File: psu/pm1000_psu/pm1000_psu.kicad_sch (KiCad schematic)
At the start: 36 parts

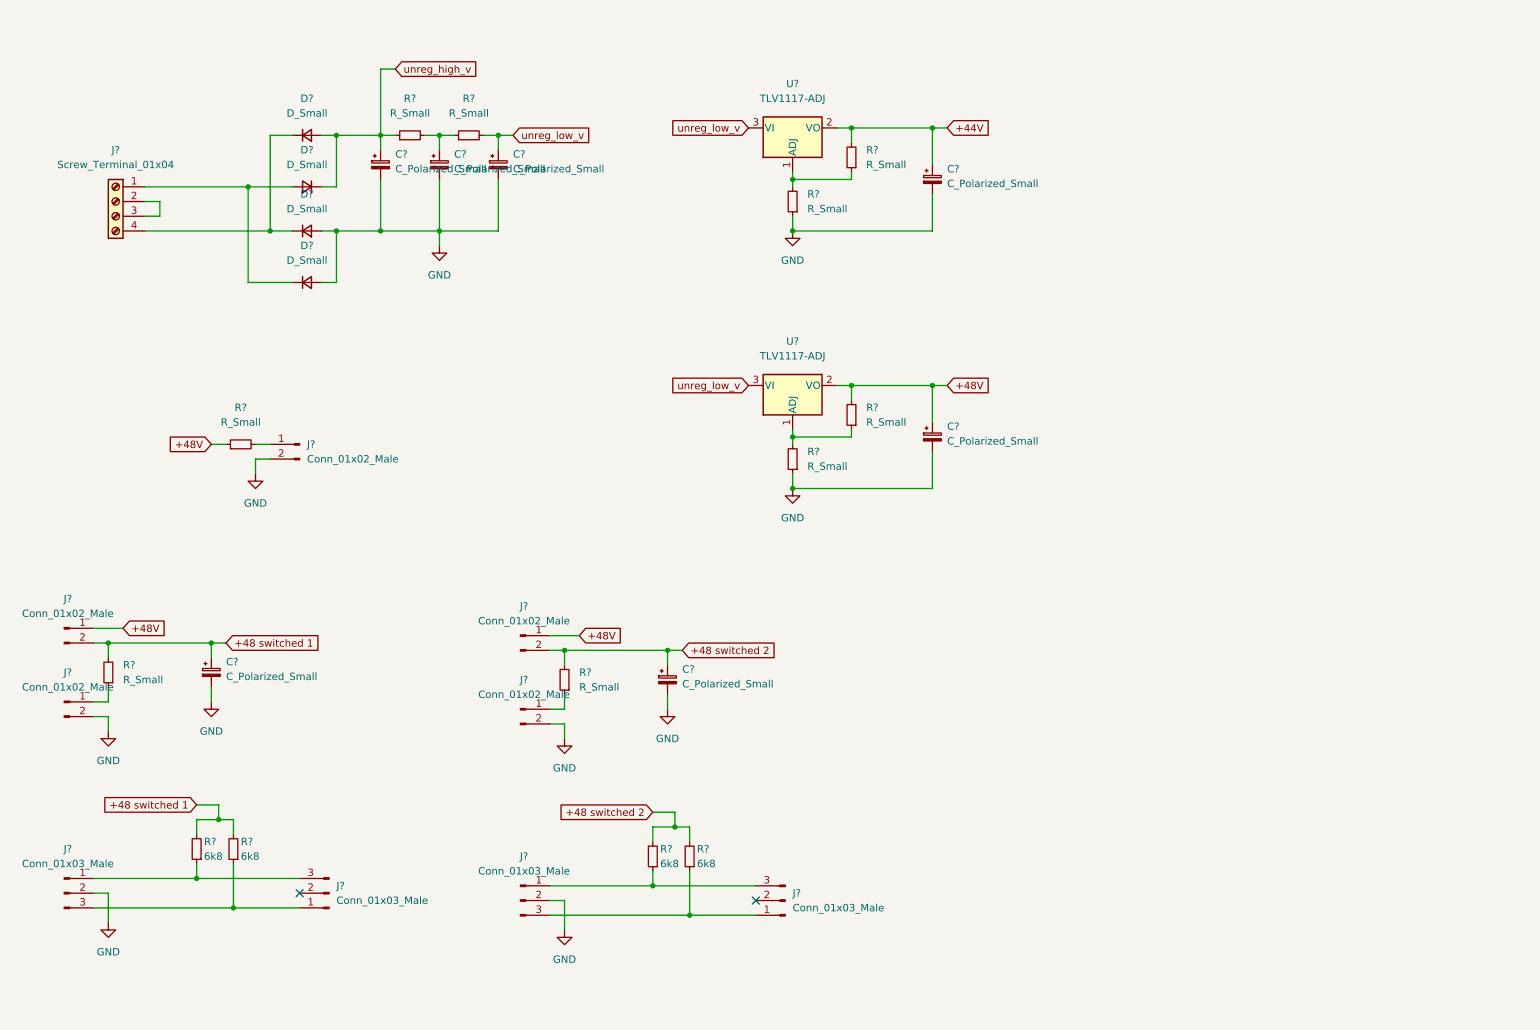
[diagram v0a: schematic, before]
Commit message: clean up schematic
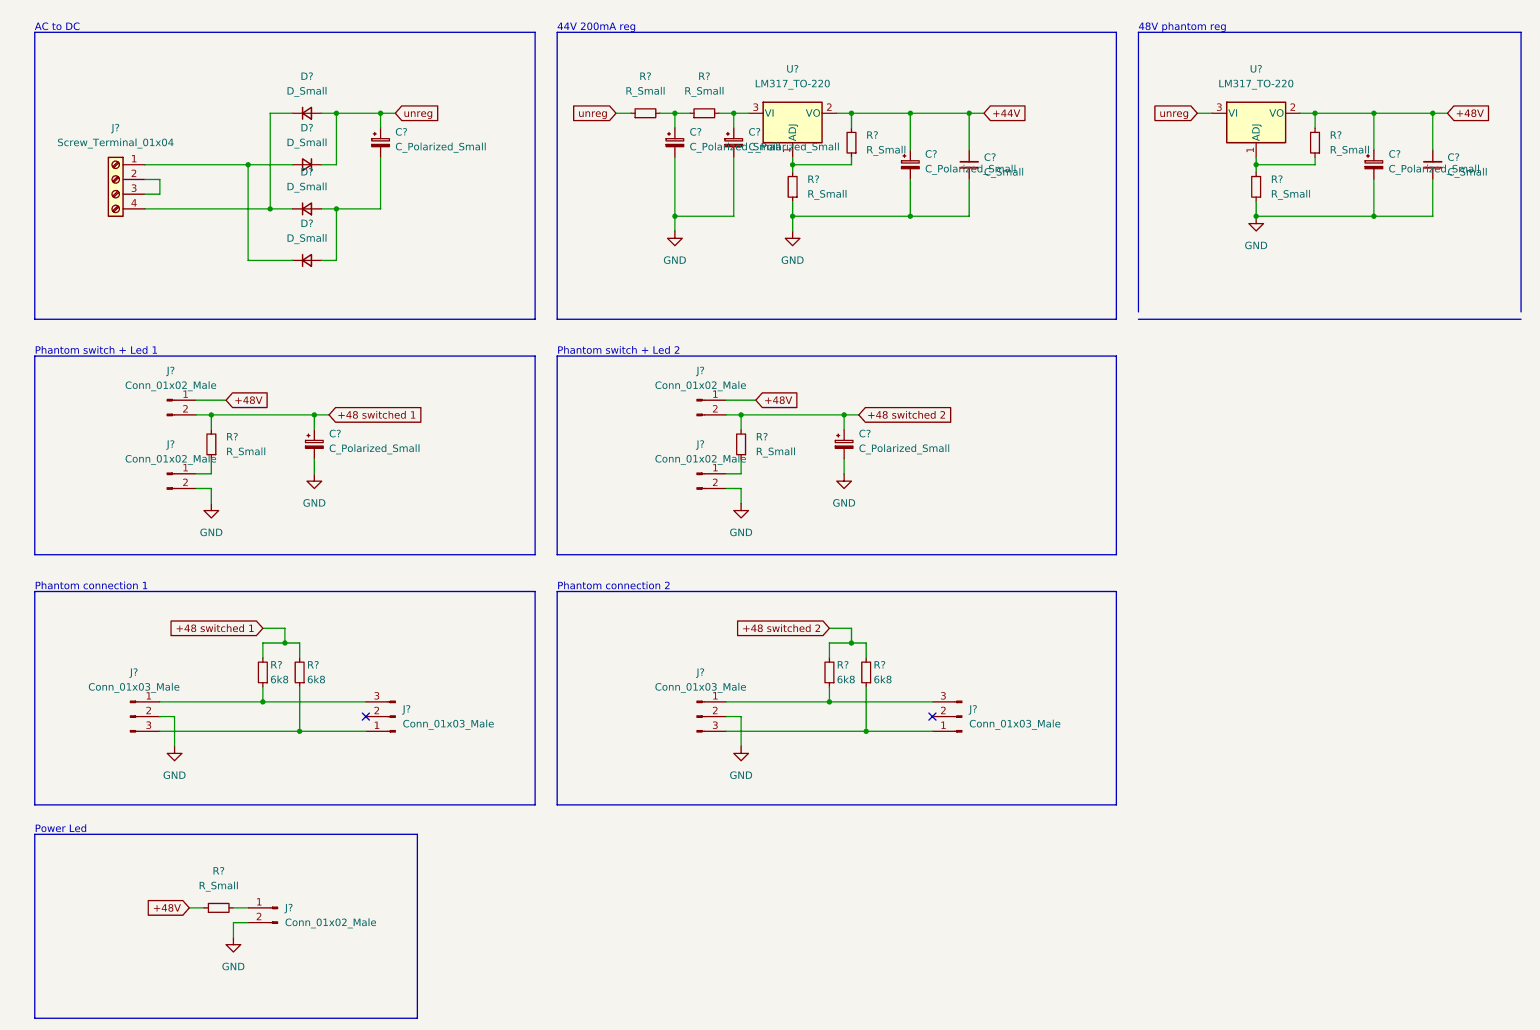
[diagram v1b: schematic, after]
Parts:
- removed C? (x3): C_Polarized_Small, symbol Device:C_Polarized_Small
- removed J?: Conn_01x02_Male, symbol Connector:Conn_01x02_Male
- removed R? (x3): R_Small, symbol Device:R_Small
- removed U? (x2): TLV1117-ADJ, symbol Regulator_Linear:TLV1117-ADJ
- added C? (x2): C_Small, symbol Device:C_Small
- added C? (x3): C_Polarized_Small, symbol Device:C_Polarized_Small
- added J?: Conn_01x02_Male, symbol Connector:Conn_01x02_Male
- added R? (x3): R_Small, symbol Device:R_Small
- added U? (x2): LM317_TO-220, Package_TO_SOT_THT:TO-220-3_Vertical, symbol Regulator_Linear:LM317_TO-220
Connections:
- net +44V: now also C?.1, U?.2 (VO)
- net +48V: now also C?.1, C?.1, R?.1, U?.2 (VO)
- net GND: now also C?.2, C?.2, C?.2, C?.2, C?.2, J?.2 (Pin_2); no longer C?.2, D?.2 (A), D?.2 (A)
- net at R?.1, R?.2: now also U?.1 (ADJ) (x2)
- net unreg_high_v renamed unreg
- net unreg: now also R?.1, U?.3 (VI)
- new net: C?.2, D?.2 (A), D?.2 (A)
- new net: C?.1, R?.1, R?.2
- new net: C?.1, R?.2, U?.3 (VI)
- new net: J?.1 (Pin_1), R?.2
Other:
- note added: "44V 200mA reg"
- note added: "48V phantom reg"
- note added: "AC to DC"
- note added: "Phantom connection 1"
- note added: "Phantom connection 2"
- note added: "Phantom switch + Led 1"
- note added: "Phantom switch + Led 2"
- note added: "Power Led"
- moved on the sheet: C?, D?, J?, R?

■ **Exercise**:
Copy every record exactly, dropping the images.

■ **Problem solution**:
File: psu/pm1000_psu/pm1000_psu.kicad_sch (KiCad schematic)
At the start: 36 parts

[diagram v0a: schematic, before]
Commit message: clean up schematic
[diagram v1b: schematic, after]
Parts:
- removed C? (x3): C_Polarized_Small, symbol Device:C_Polarized_Small
- removed J?: Conn_01x02_Male, symbol Connector:Conn_01x02_Male
- removed R? (x3): R_Small, symbol Device:R_Small
- removed U? (x2): TLV1117-ADJ, symbol Regulator_Linear:TLV1117-ADJ
- added C? (x2): C_Small, symbol Device:C_Small
- added C? (x3): C_Polarized_Small, symbol Device:C_Polarized_Small
- added J?: Conn_01x02_Male, symbol Connector:Conn_01x02_Male
- added R? (x3): R_Small, symbol Device:R_Small
- added U? (x2): LM317_TO-220, Package_TO_SOT_THT:TO-220-3_Vertical, symbol Regulator_Linear:LM317_TO-220
Connections:
- net +44V: now also C?.1, U?.2 (VO)
- net +48V: now also C?.1, C?.1, R?.1, U?.2 (VO)
- net GND: now also C?.2, C?.2, C?.2, C?.2, C?.2, J?.2 (Pin_2); no longer C?.2, D?.2 (A), D?.2 (A)
- net at R?.1, R?.2: now also U?.1 (ADJ) (x2)
- net unreg_high_v renamed unreg
- net unreg: now also R?.1, U?.3 (VI)
- new net: C?.2, D?.2 (A), D?.2 (A)
- new net: C?.1, R?.1, R?.2
- new net: C?.1, R?.2, U?.3 (VI)
- new net: J?.1 (Pin_1), R?.2
Other:
- note added: "44V 200mA reg"
- note added: "48V phantom reg"
- note added: "AC to DC"
- note added: "Phantom connection 1"
- note added: "Phantom connection 2"
- note added: "Phantom switch + Led 1"
- note added: "Phantom switch + Led 2"
- note added: "Power Led"
- moved on the sheet: C?, D?, J?, R?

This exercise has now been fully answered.